Но стерпелось и слюбилось, хоть и без жара. Приёмная дочь стала орнитологом, в семьдесят третьем вышла замуж и засобиралась в дорогу.
От дочери приходили открытки с нечитаемыми штемпелями. Иногда она присылала фотографии диковинных птиц. В объектив косил огромный пеликан, а из клюва его высовывалась весёлая рыба. Рыбе было хорошо там, в клюве. Кажется, рыба смеялась.
Я думаю, что старый академик, оставшись один, просто проклял эту землю. Представьте себе, как он выходит на крыльцо и проклинает дачные и садоводческие посёлки. Стоит, как старый еврейский бог, и седая борода его трясётся в такт взмахам рук.
Официантка представила, и картина получилась завораживающая. Сосед ей уже нравился, за столом он казался моложе, и она поняла, что он не сумасшедший. Сумасшедших она видела много и на родине, и здесь. За несколько месяцев жизни в посёлке она обнаружила старуху, которая жаловалась на женщину с ребёнком, которые живут у неё на чердаке и ссорятся. Всё бы ничего, но ребёнок потом плачет всю ночь. Крепкие старики-пенсионеры стали ветшать, как мебель. Они уходили по грибы, а потом звонили родным с какой-нибудь поляны, не понимая, где они, и путая имена детей. Да что там, не всегда помня своё имя.
Кончился у этих людей завод, взяла над ними верх биология.
А этот внук академика – наверное, он внук или муж внучки академика – был вполне крепок и остроумен. Причём явно к ней расположен и уже достал из буфета бутылку небедного вина. Можно было бы сойтись с ним, у него явно есть квартира в городе. Будет надёжный тыл, когда весной она снова начнёт битву за город. Но тут же она осеклась, побоявшись, что вдруг снова мысли вытекут из головы, как табачный дым.
– Да вы курите, – сказал хозяин. – Я и сам курю, только пока не хочу. А? Прямо здесь можно.
Но она встала, чтобы размяться, и вышла на крыльцо. Сквозь мглу беззвучно летел самолёт. Теперь, в карантинные времена, их стало мало, и огонёк можно было легко спутать со звездой.

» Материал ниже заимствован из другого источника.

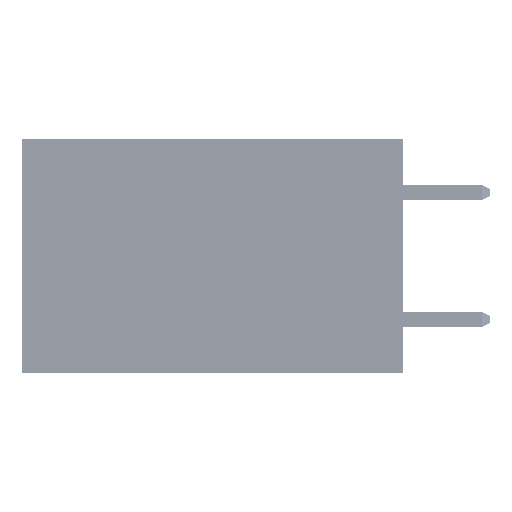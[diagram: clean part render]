
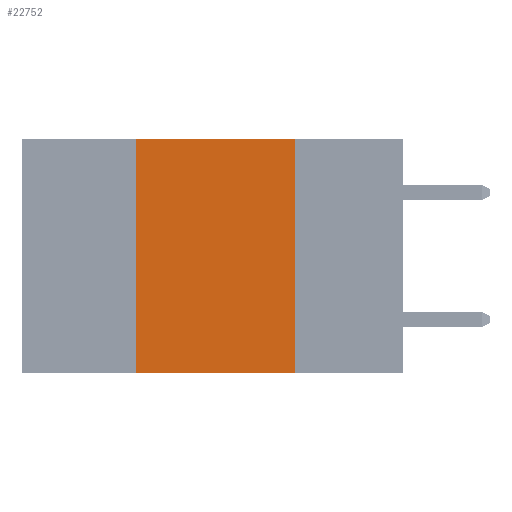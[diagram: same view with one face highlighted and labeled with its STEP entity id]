
A CAD part, left-side view. The second image highlights one B-rep face of the part: STEP entity #22752.
In plain terms, the highlighted planar face has unit normal (-1, 0, 0).
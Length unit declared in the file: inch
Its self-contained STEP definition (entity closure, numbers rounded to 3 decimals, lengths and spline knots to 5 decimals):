
#528 = EDGE_CURVE ( 'NONE', #6594, #33884, #42894, .T. ) ;
#2218 = VECTOR ( 'NONE', #31922, 39.37008 ) ;
#2241 = CARTESIAN_POINT ( 'NONE',  ( 0., 0.6, 0. ) ) ;
#6331 = ORIENTED_EDGE ( 'NONE', *, *, #528, .F. ) ;
#6594 = VERTEX_POINT ( 'NONE', #43204 ) ;
#6618 = EDGE_CURVE ( 'NONE', #25515, #6594, #25012, .T. ) ;
#8334 = CARTESIAN_POINT ( 'NONE',  ( 0., 0.42, 0. ) ) ;
#8999 = ORIENTED_EDGE ( 'NONE', *, *, #6618, .F. ) ;
#10203 = DIRECTION ( 'NONE',  ( 0., 0., -1. ) ) ;
#13055 = CARTESIAN_POINT ( 'NONE',  ( 0., 0.6, -0.37 ) ) ;
#15144 = CARTESIAN_POINT ( 'NONE',  ( 0., 0.42, -0.37 ) ) ;
#15212 = DIRECTION ( 'NONE',  ( 0., 0., -1. ) ) ;
#15868 = EDGE_LOOP ( 'NONE', ( #6331, #8999, #32489, #37882 ) ) ;
#16332 = LINE ( 'NONE', #46516, #2218 ) ;
#20597 = DIRECTION ( 'NONE',  ( 0., -1., 0. ) ) ;
#20885 = VECTOR ( 'NONE', #24483, 39.37008 ) ;
#22752 = ADVANCED_FACE ( 'NONE', ( #37699 ), #24683, .F. ) ;
#24483 = DIRECTION ( 'NONE',  ( 0., -1., 0. ) ) ;
#24683 = PLANE ( 'NONE',  #32931 ) ;
#25012 = LINE ( 'NONE', #2241, #20885 ) ;
#25515 = VERTEX_POINT ( 'NONE', #8334 ) ;
#26268 = CARTESIAN_POINT ( 'NONE',  ( 0., 0.17, 0. ) ) ;
#27390 = LINE ( 'NONE', #13055, #31486 ) ;
#28075 = VERTEX_POINT ( 'NONE', #15144 ) ;
#28847 = VECTOR ( 'NONE', #15212, 39.37008 ) ;
#31486 = VECTOR ( 'NONE', #20597, 39.37008 ) ;
#31922 = DIRECTION ( 'NONE',  ( 0., 0., 1. ) ) ;
#32268 = CARTESIAN_POINT ( 'NONE',  ( 0., 0.6, 0. ) ) ;
#32489 = ORIENTED_EDGE ( 'NONE', *, *, #38240, .F. ) ;
#32931 = AXIS2_PLACEMENT_3D ( 'NONE', #32268, #47681, #10203 ) ;
#33884 = VERTEX_POINT ( 'NONE', #47353 ) ;
#37699 = FACE_OUTER_BOUND ( 'NONE', #15868, .T. ) ;
#37882 = ORIENTED_EDGE ( 'NONE', *, *, #47306, .T. ) ;
#38240 = EDGE_CURVE ( 'NONE', #28075, #25515, #16332, .T. ) ;
#42894 = LINE ( 'NONE', #26268, #28847 ) ;
#43204 = CARTESIAN_POINT ( 'NONE',  ( 0., 0.17, 0. ) ) ;
#46516 = CARTESIAN_POINT ( 'NONE',  ( 0., 0.42, 0. ) ) ;
#47306 = EDGE_CURVE ( 'NONE', #28075, #33884, #27390, .T. ) ;
#47353 = CARTESIAN_POINT ( 'NONE',  ( 0., 0.17, -0.37 ) ) ;
#47681 = DIRECTION ( 'NONE',  ( 1., 0., 0. ) ) ;

Хозяин позвал её внутрь, и она, поторопившись чуть больше, чем нужно, споткнулась на пороге. Он поддержал её, и девушка вдруг ощутила, какой жар идёт от его тела. На минуту ей показалось, что у него температура, что по нынешним временам опасно. Нет, это что-то другое, и она поняла, что хозяин продолжает держать её и обнимает крепче, чем нужно. Но ей понравилось, и она забралась рукой ему под свитер, поразившись твёрдости горячего тела.
Хозяин поцеловал её, больше властно, чем страстно, и вдруг подхватил на руки. Обошлось без вырванных пуговиц, вообще этот старый ловелас был очень умелым, и официантка обнаружила себя уже на столе. Опыт у неё был побольше, чем у многих, но фальшивый старик даже не запыхался.
Второй раз они сделали это уже в комнате, а третий – после разговоров. Так лежат вместе люди, не верящие в романтику. Они обнимаются без волнения.
Девушка сказала, что ей очень жалко того погибшего мальчика. Она тоже как-то принесла ёжика домой, а вот волков никогда не боялась. В её южных местах их просто не было.
– Волк есть везде, – ответил хозяин. – Детей пугали не тем волком из сказок, хотя даже родители тогда думали, что это волк, который ходит вокруг дачи, где заперлись семеро козлят. Родители, произнося всё это, говорили правду. Тут в лесу был мысленный волк.